35. The non-transitory computer-readable storage medium of claim 32, wherein the quality metric syntax element indicates the value of the quality metric indicated by the quality metric type syntax element.

36. The non-transitory computer-readable storage medium of claim 31, wherein the instructions further cause the one or more processors to:

a second quality metric message is coded that includes a second quality metric syntax element, wherein the second quality metric syntax element indicates a second value of a second quality metric related to a sub-picture of the picture.

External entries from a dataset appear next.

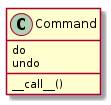

The diagram above was rendered by PlantUML. Its source (embedded in the PNG):
@startuml
Command : do
Command : undo
Command : __call__()

@enduml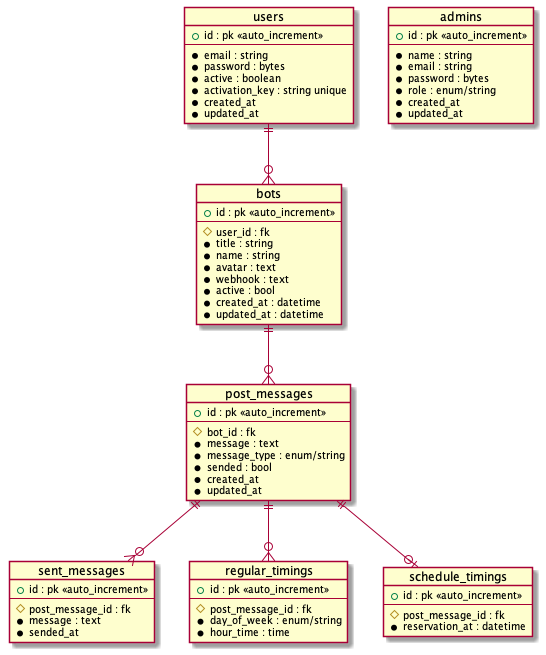

The diagram above was rendered by PlantUML. Its source (embedded in the PNG):
@startuml er

object bots {
    + id : pk <<auto_increment>>
    --
    # user_id : fk
    * title : string
    * name : string
    * avatar : text
    * webhook : text
    * active : bool
    * created_at : datetime
    * updated_at : datetime
}

object post_messages {
    + id : pk <<auto_increment>>
    --
    # bot_id : fk
    * message : text
    * message_type : enum/string
    * sended : bool
    * created_at
    * updated_at
}

object sent_messages {
    + id : pk <<auto_increment>>
    --
    # post_message_id : fk
    * message : text
    * sended_at
}

object regular_timings {
    + id : pk <<auto_increment>>
    --
    # post_message_id : fk
    * day_of_week : enum/string
    * hour_time : time
}

object schedule_timings {
    + id : pk <<auto_increment>>
    --
    # post_message_id : fk
    * reservation_at : datetime
}


object admins {
    + id : pk <<auto_increment>>
    --
    * name : string
    * email : string
    * password : bytes
    * role : enum/string
    * created_at
    * updated_at
}

object users {
    + id : pk <<auto_increment>>
    --
    * email : string
    * password : bytes
    * active : boolean
    * activation_key : string unique
    * created_at
    * updated_at
}

users ||--o{ bots
bots ||--o{ post_messages
post_messages ||--o{ regular_timings
post_messages ||--o| schedule_timings
post_messages ||--o{ sent_messages
@enduml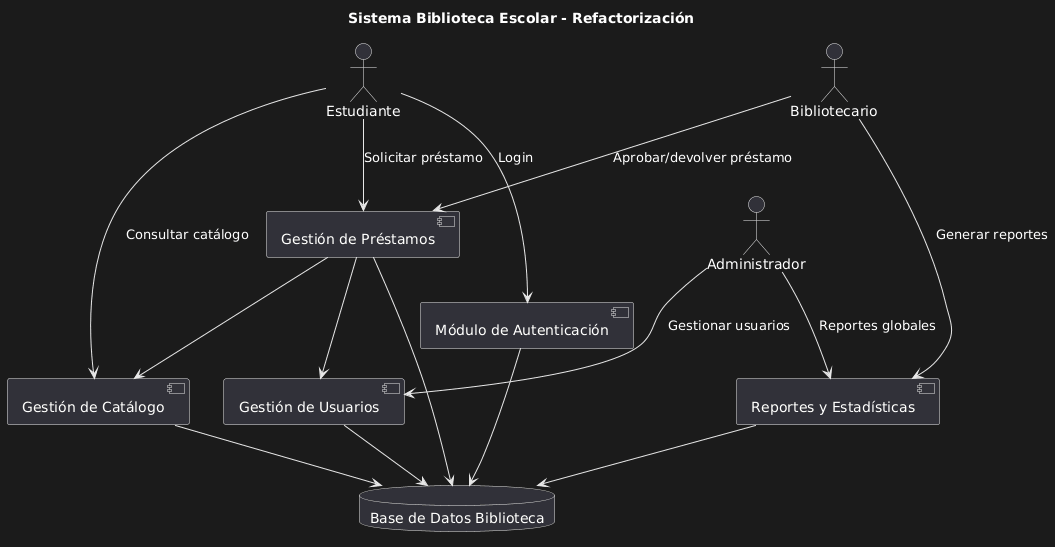

The diagram above was rendered by PlantUML. Its source (embedded in the PNG):
@startuml
title Sistema Biblioteca Escolar - Refactorización

actor "Estudiante" as Estudiante
actor "Bibliotecario" as Bibliotecario
actor "Administrador" as AdminUser

component "Gestión de Usuarios" as Usuarios
component "Gestión de Catálogo" as Catalogo
component "Gestión de Préstamos" as Prestamos
component "Reportes y Estadísticas" as Reportes
component "Módulo de Autenticación" as Auth
database "Base de Datos Biblioteca" as BD

' Relaciones actores -> componentes
Estudiante --> Auth : Login
Estudiante --> Catalogo : Consultar catálogo
Estudiante --> Prestamos : Solicitar préstamo

Bibliotecario --> Prestamos : Aprobar/devolver préstamo
Bibliotecario --> Reportes : Generar reportes

AdminUser --> Usuarios : Gestionar usuarios
AdminUser --> Reportes : Reportes globales

' Relaciones entre componentes
Auth --> BD
Usuarios --> BD
Catalogo --> BD
Prestamos --> BD
Reportes --> BD

Prestamos --> Usuarios
Prestamos --> Catalogo
@enduml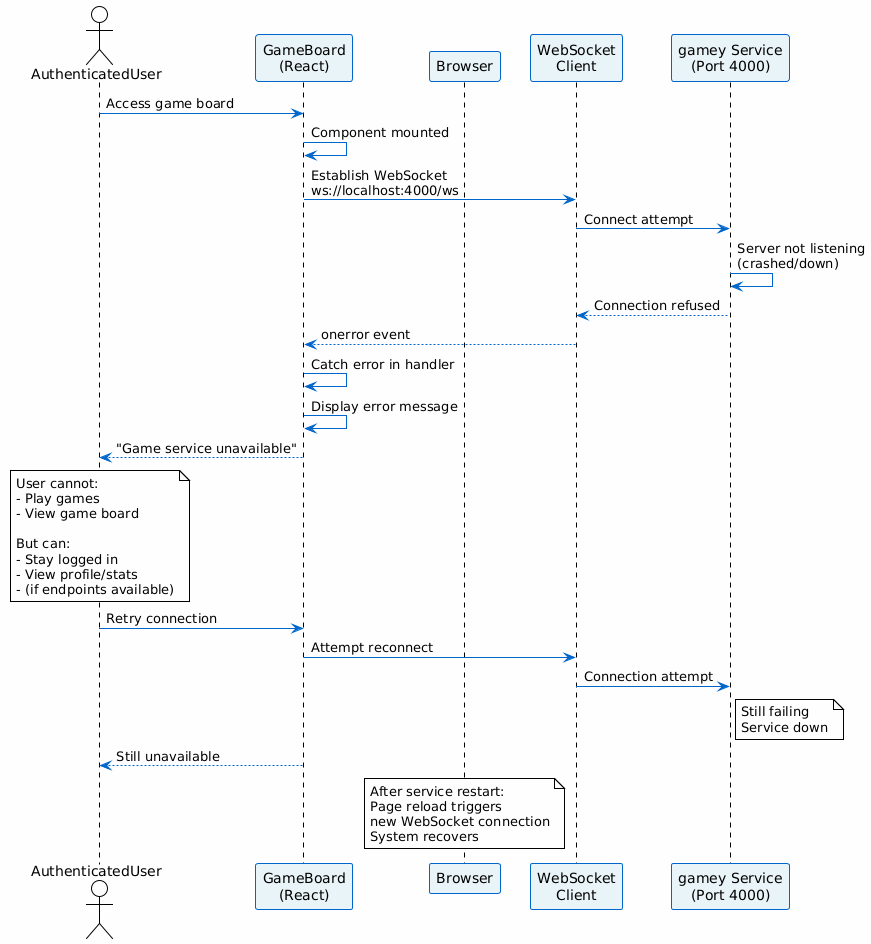

The diagram above was rendered by PlantUML. Its source (embedded in the PNG):
@startuml
' ============================================================
' 9. SEQUENCE DIAGRAM - GAMEY SERVICE FAILURE
' ============================================================

!theme plain
skinparam backgroundColor #FEFEFE
skinparam sequenceArrowColor #0066CC
skinparam participantBackgroundColor #E8F4F8
skinparam participantBorderColor #0066CC

actor AuthenticatedUser
participant "GameBoard\n(React)" as GB
participant "Browser" as Browser
participant "WebSocket\nClient" as WSC
participant "gamey Service\n(Port 4000)" as GS

AuthenticatedUser -> GB: Access game board
GB -> GB: Component mounted
GB -> WSC: Establish WebSocket\nws://localhost:4000/ws
WSC -> GS: Connect attempt
GS -> GS: Server not listening\n(crashed/down)
GS --> WSC: Connection refused
WSC --> GB: onerror event
GB -> GB: Catch error in handler
GB -> GB: Display error message
GB --> AuthenticatedUser: "Game service unavailable"

note over AuthenticatedUser
    User cannot:
    - Play games
    - View game board
    
    But can:
    - Stay logged in
    - View profile/stats
    - (if endpoints available)
end note

AuthenticatedUser -> GB: Retry connection
GB -> WSC: Attempt reconnect
WSC -> GS: Connection attempt
note right of GS
    Still failing
    Service down
end note
GB --> AuthenticatedUser: Still unavailable

note over Browser
    After service restart:
    Page reload triggers
    new WebSocket connection
    System recovers
end note
@enduml

37. The non-transitory computer-readable storage medium of claim 31, wherein the instructions further cause the one or more processors to:

A second quality metric message is coded that includes a second quality metric syntax element, wherein the second quality metric syntax element indicates a second value of a second quality metric related to a region of interest of the picture.

38. The non-transitory computer-readable storage medium of claim 31, wherein the device is configured to decode the quality metric message, and wherein the instructions further cause the one or more processors to:

applying post-processing techniques to the picture in accordance with the value of the quality metric to form a processed picture; and

displaying the processed picture.

39. The non-transitory computer-readable storage medium of claim 31, wherein the quality metric message comprises a quality metric Supplemental Enhancement Information (SEI) message.

40. The non-transitory computer-readable storage medium of claim 31, wherein the quality metric message comprises a quality metric open bit stream unit (OBU).